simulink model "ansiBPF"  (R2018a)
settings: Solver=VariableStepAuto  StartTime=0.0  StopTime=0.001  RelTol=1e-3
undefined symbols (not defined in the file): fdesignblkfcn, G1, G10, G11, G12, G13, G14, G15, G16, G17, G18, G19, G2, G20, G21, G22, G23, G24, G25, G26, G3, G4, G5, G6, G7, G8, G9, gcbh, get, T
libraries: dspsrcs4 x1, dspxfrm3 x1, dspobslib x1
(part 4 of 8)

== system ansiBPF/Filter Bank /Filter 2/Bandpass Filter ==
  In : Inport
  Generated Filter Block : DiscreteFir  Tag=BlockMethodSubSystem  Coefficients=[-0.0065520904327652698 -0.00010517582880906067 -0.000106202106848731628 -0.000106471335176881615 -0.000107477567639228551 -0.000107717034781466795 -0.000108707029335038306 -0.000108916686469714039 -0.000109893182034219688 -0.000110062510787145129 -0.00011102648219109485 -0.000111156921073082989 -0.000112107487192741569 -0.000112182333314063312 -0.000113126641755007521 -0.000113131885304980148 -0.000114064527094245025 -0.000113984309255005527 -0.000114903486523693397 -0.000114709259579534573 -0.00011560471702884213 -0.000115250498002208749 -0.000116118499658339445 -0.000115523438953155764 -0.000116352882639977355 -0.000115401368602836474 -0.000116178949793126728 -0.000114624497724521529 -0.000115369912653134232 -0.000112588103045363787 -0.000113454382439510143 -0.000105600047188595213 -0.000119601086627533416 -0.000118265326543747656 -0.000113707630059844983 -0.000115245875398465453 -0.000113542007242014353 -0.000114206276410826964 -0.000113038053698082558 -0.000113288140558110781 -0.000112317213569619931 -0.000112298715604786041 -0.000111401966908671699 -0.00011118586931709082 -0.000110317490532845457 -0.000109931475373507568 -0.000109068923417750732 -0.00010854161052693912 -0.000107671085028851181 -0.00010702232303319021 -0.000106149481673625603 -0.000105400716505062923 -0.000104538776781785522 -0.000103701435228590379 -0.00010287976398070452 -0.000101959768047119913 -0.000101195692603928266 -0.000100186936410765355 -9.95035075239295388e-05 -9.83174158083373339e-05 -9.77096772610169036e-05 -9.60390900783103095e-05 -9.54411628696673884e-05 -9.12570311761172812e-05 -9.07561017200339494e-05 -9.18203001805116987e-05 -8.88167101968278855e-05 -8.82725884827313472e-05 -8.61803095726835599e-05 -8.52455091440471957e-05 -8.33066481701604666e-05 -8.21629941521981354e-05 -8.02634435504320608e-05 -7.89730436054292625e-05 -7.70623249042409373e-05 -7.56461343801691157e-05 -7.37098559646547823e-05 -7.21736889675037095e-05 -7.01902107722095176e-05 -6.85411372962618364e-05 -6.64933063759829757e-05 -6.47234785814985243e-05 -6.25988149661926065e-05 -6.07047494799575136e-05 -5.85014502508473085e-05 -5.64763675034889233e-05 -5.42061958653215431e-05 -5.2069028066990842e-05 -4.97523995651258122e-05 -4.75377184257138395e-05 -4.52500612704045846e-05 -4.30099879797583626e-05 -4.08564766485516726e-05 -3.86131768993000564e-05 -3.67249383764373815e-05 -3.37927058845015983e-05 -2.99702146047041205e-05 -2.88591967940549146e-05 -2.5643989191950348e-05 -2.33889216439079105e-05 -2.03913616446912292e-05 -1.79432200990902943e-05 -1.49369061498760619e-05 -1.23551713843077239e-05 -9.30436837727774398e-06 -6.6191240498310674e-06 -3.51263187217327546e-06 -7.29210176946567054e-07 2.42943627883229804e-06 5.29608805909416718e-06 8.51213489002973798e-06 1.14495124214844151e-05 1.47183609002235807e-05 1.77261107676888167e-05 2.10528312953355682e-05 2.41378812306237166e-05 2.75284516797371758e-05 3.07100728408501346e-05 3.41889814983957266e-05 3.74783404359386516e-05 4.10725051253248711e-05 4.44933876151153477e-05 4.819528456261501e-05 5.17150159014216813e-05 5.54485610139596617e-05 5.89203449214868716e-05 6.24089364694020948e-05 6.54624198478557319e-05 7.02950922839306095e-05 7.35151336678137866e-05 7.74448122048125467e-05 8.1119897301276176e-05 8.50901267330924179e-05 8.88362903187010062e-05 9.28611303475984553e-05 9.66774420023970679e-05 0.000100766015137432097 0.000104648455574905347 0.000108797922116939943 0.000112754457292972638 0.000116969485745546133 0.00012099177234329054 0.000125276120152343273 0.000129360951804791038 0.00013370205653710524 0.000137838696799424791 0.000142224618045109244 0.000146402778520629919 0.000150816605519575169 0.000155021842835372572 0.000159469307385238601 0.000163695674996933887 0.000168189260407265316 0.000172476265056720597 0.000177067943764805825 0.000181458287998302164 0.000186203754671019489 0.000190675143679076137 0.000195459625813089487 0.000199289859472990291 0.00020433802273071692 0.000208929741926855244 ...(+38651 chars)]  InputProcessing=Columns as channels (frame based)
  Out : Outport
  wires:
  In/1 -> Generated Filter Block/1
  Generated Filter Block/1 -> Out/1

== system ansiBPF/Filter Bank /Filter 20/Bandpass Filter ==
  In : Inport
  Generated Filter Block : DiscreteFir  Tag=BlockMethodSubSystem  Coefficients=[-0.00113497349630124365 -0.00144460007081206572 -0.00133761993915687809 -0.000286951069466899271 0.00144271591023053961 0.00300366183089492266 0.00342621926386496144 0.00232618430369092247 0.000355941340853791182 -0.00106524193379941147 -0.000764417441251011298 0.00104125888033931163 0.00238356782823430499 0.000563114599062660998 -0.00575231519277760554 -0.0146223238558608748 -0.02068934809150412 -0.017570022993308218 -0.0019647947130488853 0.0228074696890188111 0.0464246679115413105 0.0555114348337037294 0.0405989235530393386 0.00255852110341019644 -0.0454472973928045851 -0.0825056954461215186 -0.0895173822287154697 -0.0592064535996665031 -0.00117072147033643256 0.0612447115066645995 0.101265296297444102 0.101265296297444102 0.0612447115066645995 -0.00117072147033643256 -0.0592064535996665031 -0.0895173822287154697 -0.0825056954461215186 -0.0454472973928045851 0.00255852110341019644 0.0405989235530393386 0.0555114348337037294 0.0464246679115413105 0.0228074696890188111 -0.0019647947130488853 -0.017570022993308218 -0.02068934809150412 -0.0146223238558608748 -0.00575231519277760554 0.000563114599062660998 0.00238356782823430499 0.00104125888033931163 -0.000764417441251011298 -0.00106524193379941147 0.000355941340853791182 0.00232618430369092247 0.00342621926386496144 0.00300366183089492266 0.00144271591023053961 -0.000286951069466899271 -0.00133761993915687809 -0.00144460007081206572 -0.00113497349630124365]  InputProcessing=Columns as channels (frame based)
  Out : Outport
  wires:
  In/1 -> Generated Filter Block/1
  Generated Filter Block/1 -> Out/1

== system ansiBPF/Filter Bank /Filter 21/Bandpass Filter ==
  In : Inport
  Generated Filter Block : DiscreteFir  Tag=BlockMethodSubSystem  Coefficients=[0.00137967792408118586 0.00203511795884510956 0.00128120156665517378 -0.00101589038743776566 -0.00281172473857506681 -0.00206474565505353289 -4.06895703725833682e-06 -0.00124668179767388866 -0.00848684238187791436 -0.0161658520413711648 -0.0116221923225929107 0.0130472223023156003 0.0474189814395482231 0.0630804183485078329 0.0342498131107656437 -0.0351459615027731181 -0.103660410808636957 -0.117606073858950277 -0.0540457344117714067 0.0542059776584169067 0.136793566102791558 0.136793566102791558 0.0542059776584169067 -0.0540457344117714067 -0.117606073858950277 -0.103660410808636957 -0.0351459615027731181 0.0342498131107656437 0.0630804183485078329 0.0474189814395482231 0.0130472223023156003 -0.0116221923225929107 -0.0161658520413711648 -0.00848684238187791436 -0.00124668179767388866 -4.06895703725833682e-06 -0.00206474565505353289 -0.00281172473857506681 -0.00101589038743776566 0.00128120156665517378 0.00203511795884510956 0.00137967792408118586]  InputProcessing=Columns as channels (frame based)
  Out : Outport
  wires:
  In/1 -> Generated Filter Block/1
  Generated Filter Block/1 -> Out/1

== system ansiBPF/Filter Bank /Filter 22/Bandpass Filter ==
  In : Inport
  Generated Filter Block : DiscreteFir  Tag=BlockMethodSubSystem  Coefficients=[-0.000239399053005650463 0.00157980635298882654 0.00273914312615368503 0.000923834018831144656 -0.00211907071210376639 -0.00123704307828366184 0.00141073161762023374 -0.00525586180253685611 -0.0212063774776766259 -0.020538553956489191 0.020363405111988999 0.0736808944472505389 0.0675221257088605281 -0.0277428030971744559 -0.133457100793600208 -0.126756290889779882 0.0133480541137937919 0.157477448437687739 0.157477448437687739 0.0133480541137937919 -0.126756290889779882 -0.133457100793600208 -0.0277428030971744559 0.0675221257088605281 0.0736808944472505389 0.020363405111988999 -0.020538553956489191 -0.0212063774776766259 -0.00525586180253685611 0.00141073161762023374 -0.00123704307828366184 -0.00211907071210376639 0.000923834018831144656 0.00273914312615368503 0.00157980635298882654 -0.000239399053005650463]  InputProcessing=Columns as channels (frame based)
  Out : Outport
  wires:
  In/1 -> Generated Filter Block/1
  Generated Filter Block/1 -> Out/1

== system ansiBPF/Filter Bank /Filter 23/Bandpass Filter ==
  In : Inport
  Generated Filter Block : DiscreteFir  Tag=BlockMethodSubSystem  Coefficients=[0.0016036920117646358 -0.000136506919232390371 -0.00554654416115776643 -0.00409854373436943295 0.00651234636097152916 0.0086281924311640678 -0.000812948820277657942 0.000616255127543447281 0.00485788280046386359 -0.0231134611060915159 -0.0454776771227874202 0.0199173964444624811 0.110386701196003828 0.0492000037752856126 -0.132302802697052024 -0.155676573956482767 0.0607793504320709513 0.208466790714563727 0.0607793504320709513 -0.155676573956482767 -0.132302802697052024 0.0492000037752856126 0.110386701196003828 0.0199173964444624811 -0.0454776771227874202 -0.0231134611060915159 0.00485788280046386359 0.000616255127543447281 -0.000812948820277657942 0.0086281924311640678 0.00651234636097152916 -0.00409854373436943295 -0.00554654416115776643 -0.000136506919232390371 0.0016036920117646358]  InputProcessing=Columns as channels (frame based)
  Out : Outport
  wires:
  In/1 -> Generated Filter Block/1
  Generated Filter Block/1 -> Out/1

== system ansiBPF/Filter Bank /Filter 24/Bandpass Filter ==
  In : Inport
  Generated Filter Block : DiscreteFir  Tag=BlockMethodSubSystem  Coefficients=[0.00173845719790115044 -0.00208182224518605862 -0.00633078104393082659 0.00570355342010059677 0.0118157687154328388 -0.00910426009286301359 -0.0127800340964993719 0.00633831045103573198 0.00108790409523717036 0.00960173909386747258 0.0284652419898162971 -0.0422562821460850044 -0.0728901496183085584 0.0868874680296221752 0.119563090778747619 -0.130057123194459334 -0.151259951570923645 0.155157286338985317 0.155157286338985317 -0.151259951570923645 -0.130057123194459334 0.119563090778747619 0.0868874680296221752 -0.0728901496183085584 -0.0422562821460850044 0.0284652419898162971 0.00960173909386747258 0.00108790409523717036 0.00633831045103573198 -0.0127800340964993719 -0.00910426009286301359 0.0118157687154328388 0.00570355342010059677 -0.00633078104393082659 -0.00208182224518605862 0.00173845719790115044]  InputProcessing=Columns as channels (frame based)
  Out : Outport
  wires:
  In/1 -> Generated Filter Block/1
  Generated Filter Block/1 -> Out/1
========================================================================
• [INSTRUCTIONS FOR THE TASK]: Starting from the line that contains "0.0199173964444624811 0.110386701196003828 0.0492000037752856126", give again every line to the last line of the data, exactly. Include nothing else.

• [EXERCISE ANSWER]:
  Generated Filter Block : DiscreteFir  Tag=BlockMethodSubSystem  Coefficients=[0.0016036920117646358 -0.000136506919232390371 -0.00554654416115776643 -0.00409854373436943295 0.00651234636097152916 0.0086281924311640678 -0.000812948820277657942 0.000616255127543447281 0.00485788280046386359 -0.0231134611060915159 -0.0454776771227874202 0.0199173964444624811 0.110386701196003828 0.0492000037752856126 -0.132302802697052024 -0.155676573956482767 0.0607793504320709513 0.208466790714563727 0.0607793504320709513 -0.155676573956482767 -0.132302802697052024 0.0492000037752856126 0.110386701196003828 0.0199173964444624811 -0.0454776771227874202 -0.0231134611060915159 0.00485788280046386359 0.000616255127543447281 -0.000812948820277657942 0.0086281924311640678 0.00651234636097152916 -0.00409854373436943295 -0.00554654416115776643 -0.000136506919232390371 0.0016036920117646358]  InputProcessing=Columns as channels (frame based)
  Out : Outport
  wires:
  In/1 -> Generated Filter Block/1
  Generated Filter Block/1 -> Out/1

== system ansiBPF/Filter Bank /Filter 24/Bandpass Filter ==
  In : Inport
  Generated Filter Block : DiscreteFir  Tag=BlockMethodSubSystem  Coefficients=[0.00173845719790115044 -0.00208182224518605862 -0.00633078104393082659 0.00570355342010059677 0.0118157687154328388 -0.00910426009286301359 -0.0127800340964993719 0.00633831045103573198 0.00108790409523717036 0.00960173909386747258 0.0284652419898162971 -0.0422562821460850044 -0.0728901496183085584 0.0868874680296221752 0.119563090778747619 -0.130057123194459334 -0.151259951570923645 0.155157286338985317 0.155157286338985317 -0.151259951570923645 -0.130057123194459334 0.119563090778747619 0.0868874680296221752 -0.0728901496183085584 -0.0422562821460850044 0.0284652419898162971 0.00960173909386747258 0.00108790409523717036 0.00633831045103573198 -0.0127800340964993719 -0.00910426009286301359 0.0118157687154328388 0.00570355342010059677 -0.00633078104393082659 -0.00208182224518605862 0.00173845719790115044]  InputProcessing=Columns as channels (frame based)
  Out : Outport
  wires:
  In/1 -> Generated Filter Block/1
  Generated Filter Block/1 -> Out/1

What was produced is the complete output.